Western democracies--Great Britain, the United States--tend not to react on the scale necessary to defend themselves until after they’ve been attacked. We have September 11, people want to join the military, they want to see resources put into the military, they want a tough government. You have Pearl Harbor, it’s the same thing. You have the Germans going into Poland, Britain finally responds. Do you see this country making the sort of investment in money and manpower needed to carry out the strategy you’re talking about short of there being an attack?

Wasn’t Reagan’s whole career a repudiation of that thesis?

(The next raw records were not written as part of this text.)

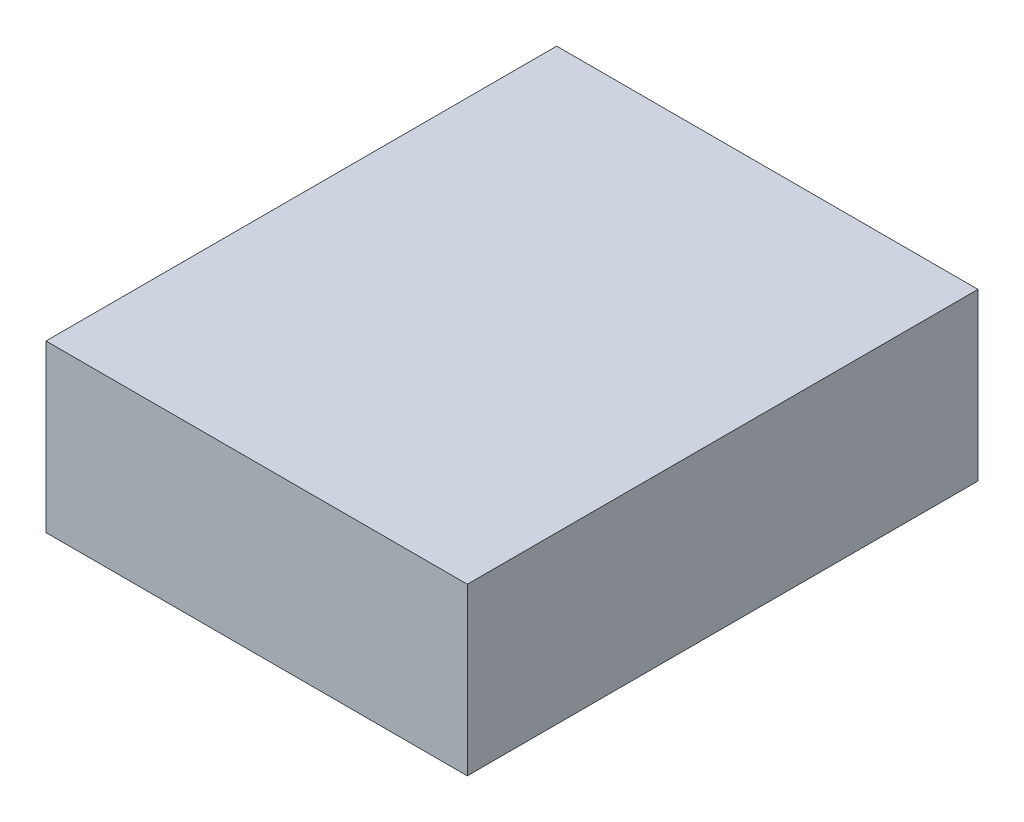
ISO-10303-21;
HEADER;
FILE_DESCRIPTION(('STEP AP214'),'2;1');
FILE_NAME('part.step','',(''),(''),'','','');
FILE_SCHEMA(('AUTOMOTIVE_DESIGN { 1 0 10303 214 1 1 1 1 }'));
ENDSEC;
DATA;
#1=APPLICATION_CONTEXT('core data for automotive mechanical design processes');
#2=APPLICATION_PROTOCOL_DEFINITION('international standard','automotive_design',2000,#1);
#3=PRODUCT_CONTEXT('',#1,'mechanical');
#4=PRODUCT('Part','Part','',(#3));
#5=PRODUCT_RELATED_PRODUCT_CATEGORY('part','',(#4));
#6=PRODUCT_DEFINITION_FORMATION('','',#4);
#7=PRODUCT_DEFINITION_CONTEXT('part definition',#1,'design');
#8=PRODUCT_DEFINITION('design','',#6,#7);
#9=PRODUCT_DEFINITION_SHAPE('','',#8);
#10=(LENGTH_UNIT() NAMED_UNIT(*) SI_UNIT(.MILLI.,.METRE.));
#11=(NAMED_UNIT(*) PLANE_ANGLE_UNIT() SI_UNIT($,.RADIAN.));
#12=(NAMED_UNIT(*) SI_UNIT($,.STERADIAN.) SOLID_ANGLE_UNIT());
#13=UNCERTAINTY_MEASURE_WITH_UNIT(LENGTH_MEASURE(1.E-05),#10,'distance_accuracy_value','');
#14=(GEOMETRIC_REPRESENTATION_CONTEXT(3) GLOBAL_UNCERTAINTY_ASSIGNED_CONTEXT((#13)) GLOBAL_UNIT_ASSIGNED_CONTEXT((#10,
#11,#12)) REPRESENTATION_CONTEXT('',''));
#15=CARTESIAN_POINT('',(0.,0.,0.));
#16=DIRECTION('',(0.,0.,1.));
#17=DIRECTION('',(1.,0.,0.));
#18=AXIS2_PLACEMENT_3D('',#15,#16,#17);
#19=CARTESIAN_POINT('',(3.3,-1.3,8.));
#20=DIRECTION('',(-1.,0.,0.));
#21=DIRECTION('',(0.,0.,1.));
#22=AXIS2_PLACEMENT_3D('',#19,#20,#21);
#23=PLANE('',#22);
#24=DIRECTION('',(0.,1.,0.));
#25=VECTOR('',#24,1.);
#26=CARTESIAN_POINT('',(3.3,-1.3,0.));
#27=LINE('',#26,#25);
#28=CARTESIAN_POINT('',(3.3,-1.3,0.));
#29=VERTEX_POINT('',#28);
#30=CARTESIAN_POINT('',(3.3,1.3,0.));
#31=VERTEX_POINT('',#30);
#32=EDGE_CURVE('E95',#29,#31,#27,.T.);
#33=ORIENTED_EDGE('',*,*,#32,.T.);
#34=DIRECTION('',(0.,0.,-1.));
#35=VECTOR('',#34,1.);
#36=CARTESIAN_POINT('',(3.3,1.3,8.));
#37=LINE('',#36,#35);
#38=CARTESIAN_POINT('',(3.3,1.3,8.));
#39=VERTEX_POINT('',#38);
#40=EDGE_CURVE('E11',#39,#31,#37,.T.);
#41=ORIENTED_EDGE('',*,*,#40,.F.);
#42=DIRECTION('',(0.,1.,0.));
#43=VECTOR('',#42,1.);
#44=CARTESIAN_POINT('',(3.3,-1.3,8.));
#45=LINE('',#44,#43);
#46=CARTESIAN_POINT('',(3.3,-1.3,8.));
#47=VERTEX_POINT('',#46);
#48=EDGE_CURVE('E83',#47,#39,#45,.T.);
#49=ORIENTED_EDGE('',*,*,#48,.F.);
#50=DIRECTION('',(0.,0.,-1.));
#51=VECTOR('',#50,1.);
#52=CARTESIAN_POINT('',(3.3,-1.3,8.));
#53=LINE('',#52,#51);
#54=EDGE_CURVE('E91',#47,#29,#53,.T.);
#55=ORIENTED_EDGE('',*,*,#54,.T.);
#56=EDGE_LOOP('',(#33,#41,#49,#55));
#57=FACE_BOUND('',#56,.T.);
#58=ADVANCED_FACE('F32',(#57),#23,.F.);
#59=CARTESIAN_POINT('',(-3.3,1.3,8.));
#60=DIRECTION('',(0.,-1.,0.));
#61=DIRECTION('',(0.,0.,-1.));
#62=AXIS2_PLACEMENT_3D('',#59,#60,#61);
#63=PLANE('',#62);
#64=DIRECTION('',(-1.,0.,0.));
#65=VECTOR('',#64,1.);
#66=CARTESIAN_POINT('',(-3.3,1.3,0.));
#67=LINE('',#66,#65);
#68=CARTESIAN_POINT('',(-3.3,1.3,0.));
#69=VERTEX_POINT('',#68);
#70=EDGE_CURVE('E87',#31,#69,#67,.T.);
#71=ORIENTED_EDGE('',*,*,#70,.T.);
#72=DIRECTION('',(0.,0.,-1.));
#73=VECTOR('',#72,1.);
#74=CARTESIAN_POINT('',(-3.3,1.3,8.));
#75=LINE('',#74,#73);
#76=CARTESIAN_POINT('',(-3.3,1.3,8.));
#77=VERTEX_POINT('',#76);
#78=EDGE_CURVE('E40',#77,#69,#75,.T.);
#79=ORIENTED_EDGE('',*,*,#78,.F.);
#80=DIRECTION('',(-1.,0.,0.));
#81=VECTOR('',#80,1.);
#82=CARTESIAN_POINT('',(-3.3,1.3,8.));
#83=LINE('',#82,#81);
#84=EDGE_CURVE('E78',#39,#77,#83,.T.);
#85=ORIENTED_EDGE('',*,*,#84,.F.);
#86=ORIENTED_EDGE('',*,*,#40,.T.);
#87=EDGE_LOOP('',(#71,#79,#85,#86));
#88=FACE_BOUND('',#87,.T.);
#89=ADVANCED_FACE('F86',(#88),#63,.F.);
#90=CARTESIAN_POINT('',(-3.3,-1.3,8.));
#91=DIRECTION('',(1.,0.,0.));
#92=DIRECTION('',(0.,0.,-1.));
#93=AXIS2_PLACEMENT_3D('',#90,#91,#92);
#94=PLANE('',#93);
#95=DIRECTION('',(0.,-1.,0.));
#96=VECTOR('',#95,1.);
#97=CARTESIAN_POINT('',(-3.3,-1.3,0.));
#98=LINE('',#97,#96);
#99=CARTESIAN_POINT('',(-3.3,-1.3,0.));
#100=VERTEX_POINT('',#99);
#101=EDGE_CURVE('E65',#69,#100,#98,.T.);
#102=ORIENTED_EDGE('',*,*,#101,.T.);
#103=DIRECTION('',(0.,0.,-1.));
#104=VECTOR('',#103,1.);
#105=CARTESIAN_POINT('',(-3.3,-1.3,8.));
#106=LINE('',#105,#104);
#107=CARTESIAN_POINT('',(-3.3,-1.3,8.));
#108=VERTEX_POINT('',#107);
#109=EDGE_CURVE('E88',#108,#100,#106,.T.);
#110=ORIENTED_EDGE('',*,*,#109,.F.);
#111=DIRECTION('',(0.,-1.,0.));
#112=VECTOR('',#111,1.);
#113=CARTESIAN_POINT('',(-3.3,-1.3,8.));
#114=LINE('',#113,#112);
#115=EDGE_CURVE('E81',#77,#108,#114,.T.);
#116=ORIENTED_EDGE('',*,*,#115,.F.);
#117=ORIENTED_EDGE('',*,*,#78,.T.);
#118=EDGE_LOOP('',(#102,#110,#116,#117));
#119=FACE_BOUND('',#118,.T.);
#120=ADVANCED_FACE('F89',(#119),#94,.F.);
#121=CARTESIAN_POINT('',(-3.3,-1.3,8.));
#122=DIRECTION('',(0.,1.,0.));
#123=DIRECTION('',(0.,0.,1.));
#124=AXIS2_PLACEMENT_3D('',#121,#122,#123);
#125=PLANE('',#124);
#126=DIRECTION('',(1.,0.,0.));
#127=VECTOR('',#126,1.);
#128=CARTESIAN_POINT('',(-3.3,-1.3,0.));
#129=LINE('',#128,#127);
#130=EDGE_CURVE('E71',#100,#29,#129,.T.);
#131=ORIENTED_EDGE('',*,*,#130,.T.);
#132=ORIENTED_EDGE('',*,*,#54,.F.);
#133=DIRECTION('',(1.,0.,0.));
#134=VECTOR('',#133,1.);
#135=CARTESIAN_POINT('',(-3.3,-1.3,8.));
#136=LINE('',#135,#134);
#137=EDGE_CURVE('E48',#108,#47,#136,.T.);
#138=ORIENTED_EDGE('',*,*,#137,.F.);
#139=ORIENTED_EDGE('',*,*,#109,.T.);
#140=EDGE_LOOP('',(#131,#132,#138,#139));
#141=FACE_BOUND('',#140,.T.);
#142=ADVANCED_FACE('F102',(#141),#125,.F.);
#143=CARTESIAN_POINT('',(0.,0.,8.));
#144=DIRECTION('',(0.,0.,-1.));
#145=DIRECTION('',(-1.,0.,0.));
#146=AXIS2_PLACEMENT_3D('',#143,#144,#145);
#147=PLANE('',#146);
#148=ORIENTED_EDGE('',*,*,#48,.T.);
#149=ORIENTED_EDGE('',*,*,#84,.T.);
#150=ORIENTED_EDGE('',*,*,#115,.T.);
#151=ORIENTED_EDGE('',*,*,#137,.T.);
#152=EDGE_LOOP('',(#148,#149,#150,#151));
#153=FACE_BOUND('',#152,.T.);
#154=ADVANCED_FACE('F79',(#153),#147,.F.);
#155=CARTESIAN_POINT('',(0.,0.,0.));
#156=DIRECTION('',(0.,0.,-1.));
#157=DIRECTION('',(-1.,0.,0.));
#158=AXIS2_PLACEMENT_3D('',#155,#156,#157);
#159=PLANE('',#158);
#160=ORIENTED_EDGE('',*,*,#32,.F.);
#161=ORIENTED_EDGE('',*,*,#130,.F.);
#162=ORIENTED_EDGE('',*,*,#101,.F.);
#163=ORIENTED_EDGE('',*,*,#70,.F.);
#164=EDGE_LOOP('',(#160,#161,#162,#163));
#165=FACE_BOUND('',#164,.T.);
#166=ADVANCED_FACE('F105',(#165),#159,.T.);
#167=CLOSED_SHELL('',(#58,#89,#120,#142,#154,#166));
#168=MANIFOLD_SOLID_BREP('B2',#167);
#169=ADVANCED_BREP_SHAPE_REPRESENTATION('',(#18,#168),#14);
#170=SHAPE_DEFINITION_REPRESENTATION(#9,#169);
ENDSEC;
END-ISO-10303-21;

Isn’t it a fact that Ronald Regan, calmly and steadily from 1947 on, told the truth about Communism. In October of 1964, he told the country things on behalf of a candidate who only carried five, six states. He came back, won the governorship of California, saying things people thought you weren’t allowed to say. He survived for 8 years saying things you weren’t allowed to say. He ran and lost in ’76 saying things you weren’t allowed to say. And ran and won in 1980 saying things you weren’t allowed to say. The entire national establishment was staggered that Reagan thought you could win the Cold War and to this day refuses to concede that the reason the Soviet Union disappeared was a clear, deliberate strategy by Reagan.

In your view, this going to come to a head in the next 2 or 3 years?

Not necessarily. If I’m wrong, it will turn out that Ahmadinejad was just a bad week with a bad speech and we’ll all end up being happy friends and we’ll never have to do this. But if I’m right, sooner or later, the strategy I’m outlining will become inevitable.

And if this President doesn’t deal with it, Republicans running for president in 2008 better warn the country that we need to get on a war-footing program?

I think you’re already seeing with people like Senator [Hillary] Clinton [D.-N.Y.] that even in the Democratic Party there are a fair number of people who have figured out that the current Iranian government is bad news and very dangerous. I don’t think there are going to be very many appeasement candidates by 2008.

You’ve mentioned these various groups within Iran, but what is your knowledge of them?

That is the best first step. To the degree we could replace the regime peacefully, I’m for it. To the degree we can’t replace the regime peacefully, I’m for replacing the regime. But we have seen large riots. We have seen, as I said, a thousand candidates who were rejected. So, the first thing I’d do is call the thousand people who were knocked off the list.

Quietly.

Quietly. We do know that there’s a trade union movement actively talking with non-Iranian trade union leaders. One of the first things that brought down Mossadeq in ’53 is that there were strikes in the oilfield. We do know that there are trade leaders who are saying, “Boy, if we had a strike fund, if our families were going to be fed, we’d sure be interested in fighting.” Remember, this is a country that’s only 51% Persian. Iran is a very complex, multi-ethnic society.